A word-for-word reproduction of the data below is needed, with no pictures in it.

————

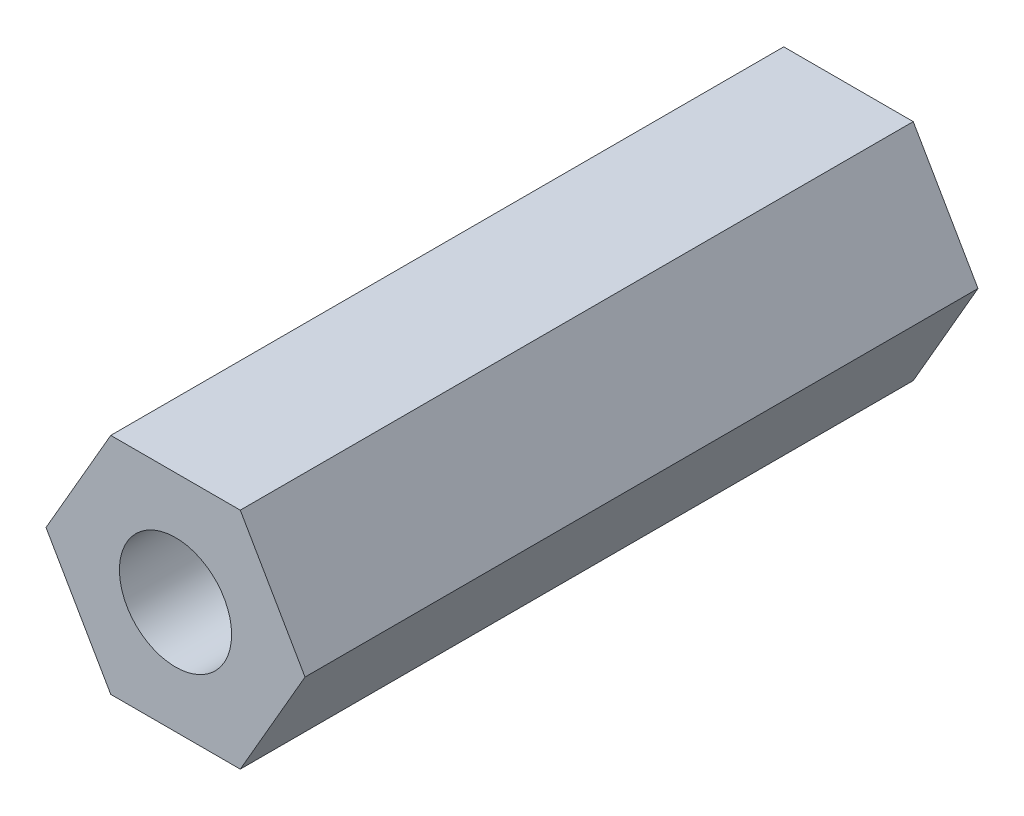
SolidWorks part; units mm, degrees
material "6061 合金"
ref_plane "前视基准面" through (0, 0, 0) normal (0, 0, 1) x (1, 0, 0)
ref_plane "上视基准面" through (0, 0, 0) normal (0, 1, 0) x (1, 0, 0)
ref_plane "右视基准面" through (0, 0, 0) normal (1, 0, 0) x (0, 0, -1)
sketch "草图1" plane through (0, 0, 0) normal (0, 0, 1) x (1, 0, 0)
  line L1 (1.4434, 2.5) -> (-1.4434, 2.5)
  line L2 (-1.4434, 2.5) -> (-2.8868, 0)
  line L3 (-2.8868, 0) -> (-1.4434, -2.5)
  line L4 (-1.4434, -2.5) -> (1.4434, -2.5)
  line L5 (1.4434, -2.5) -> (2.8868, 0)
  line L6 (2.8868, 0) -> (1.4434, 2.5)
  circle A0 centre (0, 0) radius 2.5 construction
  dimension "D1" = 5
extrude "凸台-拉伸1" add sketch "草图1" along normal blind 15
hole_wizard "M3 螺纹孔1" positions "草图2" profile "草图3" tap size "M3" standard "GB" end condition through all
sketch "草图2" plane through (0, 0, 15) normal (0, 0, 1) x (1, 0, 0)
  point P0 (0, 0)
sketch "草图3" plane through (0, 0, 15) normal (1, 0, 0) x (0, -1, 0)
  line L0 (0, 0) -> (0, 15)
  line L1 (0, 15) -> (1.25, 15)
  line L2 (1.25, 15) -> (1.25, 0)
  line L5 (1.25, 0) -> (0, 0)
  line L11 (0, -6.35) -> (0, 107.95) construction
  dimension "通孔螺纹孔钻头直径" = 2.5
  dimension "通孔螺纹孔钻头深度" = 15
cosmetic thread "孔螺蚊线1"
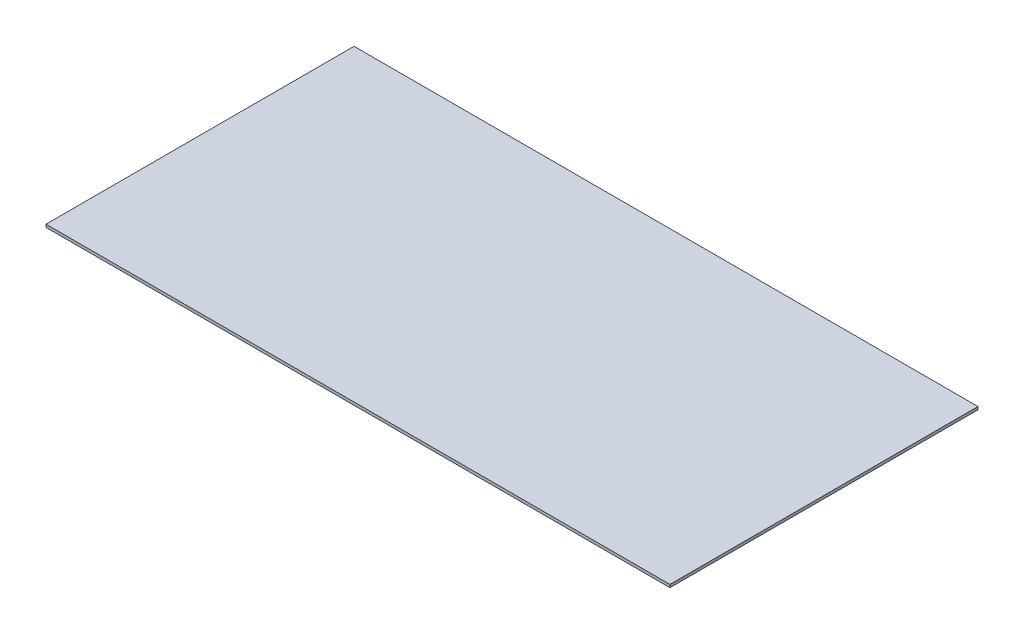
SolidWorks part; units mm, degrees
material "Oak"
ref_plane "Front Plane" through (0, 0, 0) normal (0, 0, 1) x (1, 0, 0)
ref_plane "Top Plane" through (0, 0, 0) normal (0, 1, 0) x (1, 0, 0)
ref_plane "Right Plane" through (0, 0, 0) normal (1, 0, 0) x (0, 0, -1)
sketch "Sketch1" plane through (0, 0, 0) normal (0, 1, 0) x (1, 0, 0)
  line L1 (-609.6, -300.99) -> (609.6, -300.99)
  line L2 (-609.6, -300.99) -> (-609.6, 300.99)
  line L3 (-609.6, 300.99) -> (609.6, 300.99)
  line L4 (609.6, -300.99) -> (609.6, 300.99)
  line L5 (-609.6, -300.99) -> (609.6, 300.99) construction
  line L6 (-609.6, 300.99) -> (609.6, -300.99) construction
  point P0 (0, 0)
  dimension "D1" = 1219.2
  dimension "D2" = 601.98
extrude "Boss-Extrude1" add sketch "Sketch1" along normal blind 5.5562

————

RESPONSE TO THIS EXERCISE:
SolidWorks part; units mm, degrees
material "6061 合金"
ref_plane "前视基准面" through (0, 0, 0) normal (0, 0, 1) x (1, 0, 0)
ref_plane "上视基准面" through (0, 0, 0) normal (0, 1, 0) x (1, 0, 0)
ref_plane "右视基准面" through (0, 0, 0) normal (1, 0, 0) x (0, 0, -1)
sketch "草图1" plane through (0, 0, 0) normal (0, 0, 1) x (1, 0, 0)
  line L1 (1.4434, 2.5) -> (-1.4434, 2.5)
  line L2 (-1.4434, 2.5) -> (-2.8868, 0)
  line L3 (-2.8868, 0) -> (-1.4434, -2.5)
  line L4 (-1.4434, -2.5) -> (1.4434, -2.5)
  line L5 (1.4434, -2.5) -> (2.8868, 0)
  line L6 (2.8868, 0) -> (1.4434, 2.5)
  circle A0 centre (0, 0) radius 2.5 construction
  dimension "D1" = 5
extrude "凸台-拉伸1" add sketch "草图1" along normal blind 15
hole_wizard "M3 螺纹孔1" positions "草图2" profile "草图3" tap size "M3" standard "GB" end condition through all
sketch "草图2" plane through (0, 0, 15) normal (0, 0, 1) x (1, 0, 0)
  point P0 (0, 0)
sketch "草图3" plane through (0, 0, 15) normal (1, 0, 0) x (0, -1, 0)
  line L0 (0, 0) -> (0, 15)
  line L1 (0, 15) -> (1.25, 15)
  line L2 (1.25, 15) -> (1.25, 0)
  line L5 (1.25, 0) -> (0, 0)
  line L11 (0, -6.35) -> (0, 107.95) construction
  dimension "通孔螺纹孔钻头直径" = 2.5
  dimension "通孔螺纹孔钻头深度" = 15
cosmetic thread "孔螺蚊线1"
SolidWorks part; units mm, degrees
material "Oak"
ref_plane "Front Plane" through (0, 0, 0) normal (0, 0, 1) x (1, 0, 0)
ref_plane "Top Plane" through (0, 0, 0) normal (0, 1, 0) x (1, 0, 0)
ref_plane "Right Plane" through (0, 0, 0) normal (1, 0, 0) x (0, 0, -1)
sketch "Sketch1" plane through (0, 0, 0) normal (0, 1, 0) x (1, 0, 0)
  line L1 (-609.6, -300.99) -> (609.6, -300.99)
  line L2 (-609.6, -300.99) -> (-609.6, 300.99)
  line L3 (-609.6, 300.99) -> (609.6, 300.99)
  line L4 (609.6, -300.99) -> (609.6, 300.99)
  line L5 (-609.6, -300.99) -> (609.6, 300.99) construction
  line L6 (-609.6, 300.99) -> (609.6, -300.99) construction
  point P0 (0, 0)
  dimension "D1" = 1219.2
  dimension "D2" = 601.98
extrude "Boss-Extrude1" add sketch "Sketch1" along normal blind 5.5562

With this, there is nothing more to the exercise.